Humid air with sulfur dioxide. If it's salt air, even better.


----------



## SCEMan

fyrstormer said:


> Humid air with sulfur dioxide. If it's salt air, even better.


Great! I plan on taking it to Hawaii next month.


----------



## casuallight

Looks like these are back and upgraded: http://countycomm.com/aaacopper.html I missed out the first time around and had to get by checking this thread for photos, so thanks!


----------



## mzil

What I liked about the original version was that one could use a 10440 battery on "medium" for as long as one wanted (and it had greater brightness, on par with with using a 1.5 V battery on "high") as well as the high voltage 10440 on "high" for turbo mode, althouth only for a short time due to over heating. Now that there are only two brightness settings on rev #2, not three, that is lost. 

Disclaimer: "10440 batts not recomended"


----------



## Rees

mzil said:


> Disclaimer: "10440 batts not recomended"

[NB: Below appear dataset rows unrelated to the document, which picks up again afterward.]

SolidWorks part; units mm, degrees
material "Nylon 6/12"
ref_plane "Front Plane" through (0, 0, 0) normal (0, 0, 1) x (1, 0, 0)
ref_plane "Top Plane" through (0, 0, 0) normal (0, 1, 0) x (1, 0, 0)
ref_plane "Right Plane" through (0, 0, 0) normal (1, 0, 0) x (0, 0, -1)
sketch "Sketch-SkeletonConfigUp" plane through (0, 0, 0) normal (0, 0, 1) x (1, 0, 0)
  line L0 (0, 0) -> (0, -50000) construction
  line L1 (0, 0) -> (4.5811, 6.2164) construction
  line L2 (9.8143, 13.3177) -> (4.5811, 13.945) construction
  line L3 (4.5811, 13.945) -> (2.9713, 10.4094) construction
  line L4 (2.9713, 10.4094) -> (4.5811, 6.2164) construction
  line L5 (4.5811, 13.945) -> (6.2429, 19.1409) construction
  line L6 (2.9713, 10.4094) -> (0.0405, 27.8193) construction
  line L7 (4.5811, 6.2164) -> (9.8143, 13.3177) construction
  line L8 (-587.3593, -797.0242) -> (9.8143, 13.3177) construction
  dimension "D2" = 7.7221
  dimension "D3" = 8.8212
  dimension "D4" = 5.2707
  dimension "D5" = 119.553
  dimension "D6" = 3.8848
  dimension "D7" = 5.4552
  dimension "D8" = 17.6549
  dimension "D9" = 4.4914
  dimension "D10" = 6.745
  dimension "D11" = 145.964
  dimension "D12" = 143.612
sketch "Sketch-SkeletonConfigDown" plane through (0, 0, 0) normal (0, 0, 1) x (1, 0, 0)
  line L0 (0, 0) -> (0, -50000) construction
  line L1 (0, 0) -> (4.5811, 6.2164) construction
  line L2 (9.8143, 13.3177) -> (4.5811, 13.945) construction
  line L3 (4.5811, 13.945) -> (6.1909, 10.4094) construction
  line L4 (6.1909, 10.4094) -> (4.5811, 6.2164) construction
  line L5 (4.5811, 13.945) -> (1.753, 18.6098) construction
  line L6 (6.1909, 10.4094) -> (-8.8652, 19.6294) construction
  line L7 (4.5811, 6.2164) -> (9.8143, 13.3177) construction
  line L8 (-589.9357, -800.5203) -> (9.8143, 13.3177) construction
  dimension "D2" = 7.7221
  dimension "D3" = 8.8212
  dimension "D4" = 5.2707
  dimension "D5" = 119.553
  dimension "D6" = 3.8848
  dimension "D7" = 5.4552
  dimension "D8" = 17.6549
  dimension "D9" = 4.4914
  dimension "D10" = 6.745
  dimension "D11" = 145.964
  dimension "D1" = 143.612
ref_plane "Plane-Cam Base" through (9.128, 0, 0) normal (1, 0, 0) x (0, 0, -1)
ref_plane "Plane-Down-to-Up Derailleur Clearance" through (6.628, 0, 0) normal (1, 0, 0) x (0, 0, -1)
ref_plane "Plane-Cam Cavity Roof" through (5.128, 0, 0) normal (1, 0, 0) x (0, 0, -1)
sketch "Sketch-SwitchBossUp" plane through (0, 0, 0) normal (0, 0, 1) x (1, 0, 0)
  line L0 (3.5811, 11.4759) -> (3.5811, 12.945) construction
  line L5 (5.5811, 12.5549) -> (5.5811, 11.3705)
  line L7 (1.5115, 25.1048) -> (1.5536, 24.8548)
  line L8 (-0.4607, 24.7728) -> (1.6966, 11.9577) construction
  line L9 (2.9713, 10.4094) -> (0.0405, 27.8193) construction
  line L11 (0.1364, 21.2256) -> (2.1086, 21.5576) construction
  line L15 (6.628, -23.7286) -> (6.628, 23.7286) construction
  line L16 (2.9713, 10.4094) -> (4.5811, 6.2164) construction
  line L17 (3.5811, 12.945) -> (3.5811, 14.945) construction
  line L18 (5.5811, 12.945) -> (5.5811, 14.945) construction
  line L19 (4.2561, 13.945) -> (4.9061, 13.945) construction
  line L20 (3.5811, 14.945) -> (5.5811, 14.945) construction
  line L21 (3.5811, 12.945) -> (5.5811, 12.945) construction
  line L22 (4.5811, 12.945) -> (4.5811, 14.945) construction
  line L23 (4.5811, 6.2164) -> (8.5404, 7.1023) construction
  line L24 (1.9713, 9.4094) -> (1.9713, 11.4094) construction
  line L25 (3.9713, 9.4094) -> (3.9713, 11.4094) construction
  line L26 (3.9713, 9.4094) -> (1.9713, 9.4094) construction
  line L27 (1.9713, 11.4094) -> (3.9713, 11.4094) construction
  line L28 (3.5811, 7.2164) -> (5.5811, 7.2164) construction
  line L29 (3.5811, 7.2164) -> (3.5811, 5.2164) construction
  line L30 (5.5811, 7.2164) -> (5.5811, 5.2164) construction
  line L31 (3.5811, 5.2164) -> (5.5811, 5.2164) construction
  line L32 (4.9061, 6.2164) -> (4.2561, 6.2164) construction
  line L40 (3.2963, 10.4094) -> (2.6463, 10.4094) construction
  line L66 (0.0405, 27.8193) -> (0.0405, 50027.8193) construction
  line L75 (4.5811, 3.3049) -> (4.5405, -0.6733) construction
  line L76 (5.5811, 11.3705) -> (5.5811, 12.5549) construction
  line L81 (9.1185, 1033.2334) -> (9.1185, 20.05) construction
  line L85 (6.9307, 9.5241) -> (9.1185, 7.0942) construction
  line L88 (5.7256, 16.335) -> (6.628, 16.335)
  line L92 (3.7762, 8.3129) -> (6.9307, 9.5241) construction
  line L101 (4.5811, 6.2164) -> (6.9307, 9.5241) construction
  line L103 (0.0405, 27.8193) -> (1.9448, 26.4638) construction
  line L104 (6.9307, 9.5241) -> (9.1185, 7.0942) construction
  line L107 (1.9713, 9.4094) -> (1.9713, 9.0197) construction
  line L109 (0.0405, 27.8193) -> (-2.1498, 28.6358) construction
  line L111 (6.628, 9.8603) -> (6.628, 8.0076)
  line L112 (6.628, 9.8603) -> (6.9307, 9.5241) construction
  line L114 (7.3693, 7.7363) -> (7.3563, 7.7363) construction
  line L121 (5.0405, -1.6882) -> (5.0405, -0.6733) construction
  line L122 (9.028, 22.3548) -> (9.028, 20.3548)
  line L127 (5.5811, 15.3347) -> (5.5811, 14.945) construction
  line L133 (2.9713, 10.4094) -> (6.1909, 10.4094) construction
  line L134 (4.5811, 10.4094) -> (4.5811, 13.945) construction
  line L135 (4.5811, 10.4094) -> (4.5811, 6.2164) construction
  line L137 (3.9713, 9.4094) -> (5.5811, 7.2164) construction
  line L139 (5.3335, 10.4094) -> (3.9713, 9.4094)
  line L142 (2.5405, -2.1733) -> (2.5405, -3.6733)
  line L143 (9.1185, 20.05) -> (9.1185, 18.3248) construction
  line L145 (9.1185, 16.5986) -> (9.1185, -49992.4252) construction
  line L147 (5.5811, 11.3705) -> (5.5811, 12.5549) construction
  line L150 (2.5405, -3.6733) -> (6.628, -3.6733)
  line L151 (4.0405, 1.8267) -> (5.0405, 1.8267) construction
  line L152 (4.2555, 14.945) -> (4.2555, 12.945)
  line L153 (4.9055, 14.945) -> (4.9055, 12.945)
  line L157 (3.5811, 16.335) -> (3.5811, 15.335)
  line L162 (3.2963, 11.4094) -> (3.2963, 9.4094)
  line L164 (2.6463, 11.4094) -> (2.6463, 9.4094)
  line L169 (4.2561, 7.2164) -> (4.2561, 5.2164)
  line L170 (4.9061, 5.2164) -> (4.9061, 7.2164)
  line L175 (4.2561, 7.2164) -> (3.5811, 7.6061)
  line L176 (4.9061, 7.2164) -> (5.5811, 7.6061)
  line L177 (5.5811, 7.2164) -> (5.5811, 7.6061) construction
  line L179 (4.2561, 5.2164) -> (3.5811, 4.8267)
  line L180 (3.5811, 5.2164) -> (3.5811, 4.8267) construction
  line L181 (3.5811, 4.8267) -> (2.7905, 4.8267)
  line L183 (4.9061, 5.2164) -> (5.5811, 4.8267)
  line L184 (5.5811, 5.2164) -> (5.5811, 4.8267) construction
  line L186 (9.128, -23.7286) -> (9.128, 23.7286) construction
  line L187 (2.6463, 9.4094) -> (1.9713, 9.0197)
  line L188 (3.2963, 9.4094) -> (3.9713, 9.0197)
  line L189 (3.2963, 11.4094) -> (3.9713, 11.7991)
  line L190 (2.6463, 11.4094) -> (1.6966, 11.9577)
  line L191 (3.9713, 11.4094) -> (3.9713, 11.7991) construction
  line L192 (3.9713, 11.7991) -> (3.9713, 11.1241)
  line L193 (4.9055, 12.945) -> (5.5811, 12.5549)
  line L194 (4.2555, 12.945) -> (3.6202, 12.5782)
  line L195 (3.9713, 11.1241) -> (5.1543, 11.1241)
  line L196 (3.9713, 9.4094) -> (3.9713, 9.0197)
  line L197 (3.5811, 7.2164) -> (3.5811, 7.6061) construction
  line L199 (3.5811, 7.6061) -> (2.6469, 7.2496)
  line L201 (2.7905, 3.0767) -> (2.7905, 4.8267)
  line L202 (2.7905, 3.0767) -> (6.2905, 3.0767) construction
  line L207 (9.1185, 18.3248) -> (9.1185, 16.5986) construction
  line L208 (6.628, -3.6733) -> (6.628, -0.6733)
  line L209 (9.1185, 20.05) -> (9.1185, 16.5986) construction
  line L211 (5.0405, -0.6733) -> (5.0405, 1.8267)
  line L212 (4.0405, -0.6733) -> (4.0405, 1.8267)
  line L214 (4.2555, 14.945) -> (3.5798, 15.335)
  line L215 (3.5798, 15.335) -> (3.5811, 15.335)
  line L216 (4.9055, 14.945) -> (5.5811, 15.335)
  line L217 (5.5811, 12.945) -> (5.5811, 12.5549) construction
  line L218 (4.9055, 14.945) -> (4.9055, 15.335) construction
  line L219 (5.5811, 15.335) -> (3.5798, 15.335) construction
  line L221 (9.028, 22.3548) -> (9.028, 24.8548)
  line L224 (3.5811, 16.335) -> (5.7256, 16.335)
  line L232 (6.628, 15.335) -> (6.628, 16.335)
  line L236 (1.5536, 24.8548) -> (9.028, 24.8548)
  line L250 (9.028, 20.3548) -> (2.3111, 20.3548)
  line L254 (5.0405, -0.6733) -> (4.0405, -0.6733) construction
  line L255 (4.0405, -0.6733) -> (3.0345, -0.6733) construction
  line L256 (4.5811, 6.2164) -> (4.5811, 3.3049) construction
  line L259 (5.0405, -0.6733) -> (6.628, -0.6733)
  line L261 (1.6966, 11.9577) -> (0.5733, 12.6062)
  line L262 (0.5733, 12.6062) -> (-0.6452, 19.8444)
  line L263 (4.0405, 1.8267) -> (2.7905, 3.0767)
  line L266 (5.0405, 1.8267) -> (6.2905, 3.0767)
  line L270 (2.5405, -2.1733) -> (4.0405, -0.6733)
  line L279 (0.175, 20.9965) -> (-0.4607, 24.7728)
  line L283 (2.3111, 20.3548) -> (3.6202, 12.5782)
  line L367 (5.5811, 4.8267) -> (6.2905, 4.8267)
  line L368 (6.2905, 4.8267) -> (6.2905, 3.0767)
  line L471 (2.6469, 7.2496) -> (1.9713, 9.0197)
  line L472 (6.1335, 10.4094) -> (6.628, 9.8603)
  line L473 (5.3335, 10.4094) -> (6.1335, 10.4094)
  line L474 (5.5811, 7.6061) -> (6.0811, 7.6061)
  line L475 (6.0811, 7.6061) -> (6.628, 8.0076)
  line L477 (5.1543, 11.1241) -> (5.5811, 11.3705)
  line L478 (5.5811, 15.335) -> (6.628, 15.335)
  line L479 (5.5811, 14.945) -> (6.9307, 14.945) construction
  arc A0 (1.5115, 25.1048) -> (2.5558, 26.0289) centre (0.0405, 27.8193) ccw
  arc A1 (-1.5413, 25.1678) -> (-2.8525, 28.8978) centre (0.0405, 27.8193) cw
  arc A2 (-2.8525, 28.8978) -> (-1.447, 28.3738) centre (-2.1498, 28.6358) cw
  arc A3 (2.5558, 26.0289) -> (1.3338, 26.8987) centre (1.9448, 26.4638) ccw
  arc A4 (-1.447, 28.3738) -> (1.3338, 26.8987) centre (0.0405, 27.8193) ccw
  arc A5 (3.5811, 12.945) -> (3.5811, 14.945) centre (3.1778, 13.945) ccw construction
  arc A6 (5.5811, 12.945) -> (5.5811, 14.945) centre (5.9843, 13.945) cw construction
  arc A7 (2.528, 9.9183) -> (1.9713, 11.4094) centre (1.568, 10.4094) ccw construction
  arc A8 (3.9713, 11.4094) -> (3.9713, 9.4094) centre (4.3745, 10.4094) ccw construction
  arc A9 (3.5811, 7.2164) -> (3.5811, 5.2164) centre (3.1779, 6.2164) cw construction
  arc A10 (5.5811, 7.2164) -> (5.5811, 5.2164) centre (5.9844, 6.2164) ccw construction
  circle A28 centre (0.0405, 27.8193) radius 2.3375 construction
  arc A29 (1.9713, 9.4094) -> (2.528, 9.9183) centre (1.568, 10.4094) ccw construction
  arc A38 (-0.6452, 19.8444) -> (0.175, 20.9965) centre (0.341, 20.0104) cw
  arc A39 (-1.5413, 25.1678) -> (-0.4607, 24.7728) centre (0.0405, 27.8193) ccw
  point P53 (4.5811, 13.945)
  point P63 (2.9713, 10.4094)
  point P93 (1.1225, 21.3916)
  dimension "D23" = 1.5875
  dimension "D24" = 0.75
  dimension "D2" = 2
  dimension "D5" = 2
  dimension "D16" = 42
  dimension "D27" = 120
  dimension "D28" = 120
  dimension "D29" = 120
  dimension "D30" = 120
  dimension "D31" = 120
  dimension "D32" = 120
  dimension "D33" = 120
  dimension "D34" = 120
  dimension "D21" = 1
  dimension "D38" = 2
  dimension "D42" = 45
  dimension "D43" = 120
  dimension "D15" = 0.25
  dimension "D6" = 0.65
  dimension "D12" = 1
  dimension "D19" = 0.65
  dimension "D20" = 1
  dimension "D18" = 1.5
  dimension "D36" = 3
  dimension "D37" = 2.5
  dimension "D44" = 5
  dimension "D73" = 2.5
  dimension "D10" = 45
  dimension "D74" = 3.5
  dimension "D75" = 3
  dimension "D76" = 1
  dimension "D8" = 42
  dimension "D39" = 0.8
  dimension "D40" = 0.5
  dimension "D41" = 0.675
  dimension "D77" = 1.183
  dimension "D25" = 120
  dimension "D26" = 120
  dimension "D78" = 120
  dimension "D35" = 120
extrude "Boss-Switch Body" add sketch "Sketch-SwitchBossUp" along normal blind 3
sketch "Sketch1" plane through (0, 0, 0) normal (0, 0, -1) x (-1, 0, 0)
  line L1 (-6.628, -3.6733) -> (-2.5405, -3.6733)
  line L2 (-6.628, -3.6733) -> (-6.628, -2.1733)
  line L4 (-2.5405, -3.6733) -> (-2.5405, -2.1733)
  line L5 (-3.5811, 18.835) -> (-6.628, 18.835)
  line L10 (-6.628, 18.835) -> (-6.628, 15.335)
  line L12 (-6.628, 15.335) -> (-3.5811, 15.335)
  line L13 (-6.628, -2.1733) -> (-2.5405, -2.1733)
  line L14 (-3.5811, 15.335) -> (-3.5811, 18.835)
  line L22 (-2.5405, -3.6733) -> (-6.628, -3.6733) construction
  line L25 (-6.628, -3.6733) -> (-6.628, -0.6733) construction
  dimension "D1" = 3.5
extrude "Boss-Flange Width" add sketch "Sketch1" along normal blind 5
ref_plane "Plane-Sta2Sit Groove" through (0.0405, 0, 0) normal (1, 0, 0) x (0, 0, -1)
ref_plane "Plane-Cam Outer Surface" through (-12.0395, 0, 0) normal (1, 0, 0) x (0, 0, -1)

Someone correct me if im wrong, but I thought it has always said that on their website that 10440 is not recommended. Its not recommended because like the last one its not made to handle 10440, but in small doses you may not cook it.


----------



## mzil

Correct, it has always said "not recommended", that's not new, but with the new lo/high _only_ options (no medium) you have no means to have a fairly bright flashlight for extended use (when using a 10440). That's what the "Medium" setting on the first version gives you.

I don't own a rev. 2 Maratac AAA (I only have the original), but I assume with a 10440 battery on "High" it will get hot quickly and can only be used for brief periods of time, and on "Low" you wouldn't want an increase in brightness anyways because you want to preserve night vision. Even if it can handle a 10440 for short bursts only, having a flashlight that losses the ability to just stay on for extended periods with a reasonable, typical brightness, without fear of it burning out, (except in the dimmest mode) makes little sense to me in terms of how I personally use flashlights. YMMV.


----------



## jorn

Rees said:


> Someone correct me if im wrong, but I thought it has always said that on their website that 10440 is not recommended. Its not recommended because like the last one its not made to handle 10440, but in small doses you may not cook it.


You are correct, but mzil has a point. 
With the old 3 mode, you can run it forever in medium mode with a 10440. It's bright without getting too hot. 

On the bright side, I got the new 2 mode version today, and i cant detect any pwm i:thumbsup: yey  Seems to be current controlled.

Lo mode is pretty bright with a IMR 10440. Seems to be in the ballpark of the medium modes in "standard 3 mode lights". Useful bright. 
High mode is as always, amazing and heats up. So with the new version, you loose a proper lo mode (and a long running "bright" mode) when using a (not recomended) 10440.

The old version had 3 clips and 3 keychain rings, new got one set.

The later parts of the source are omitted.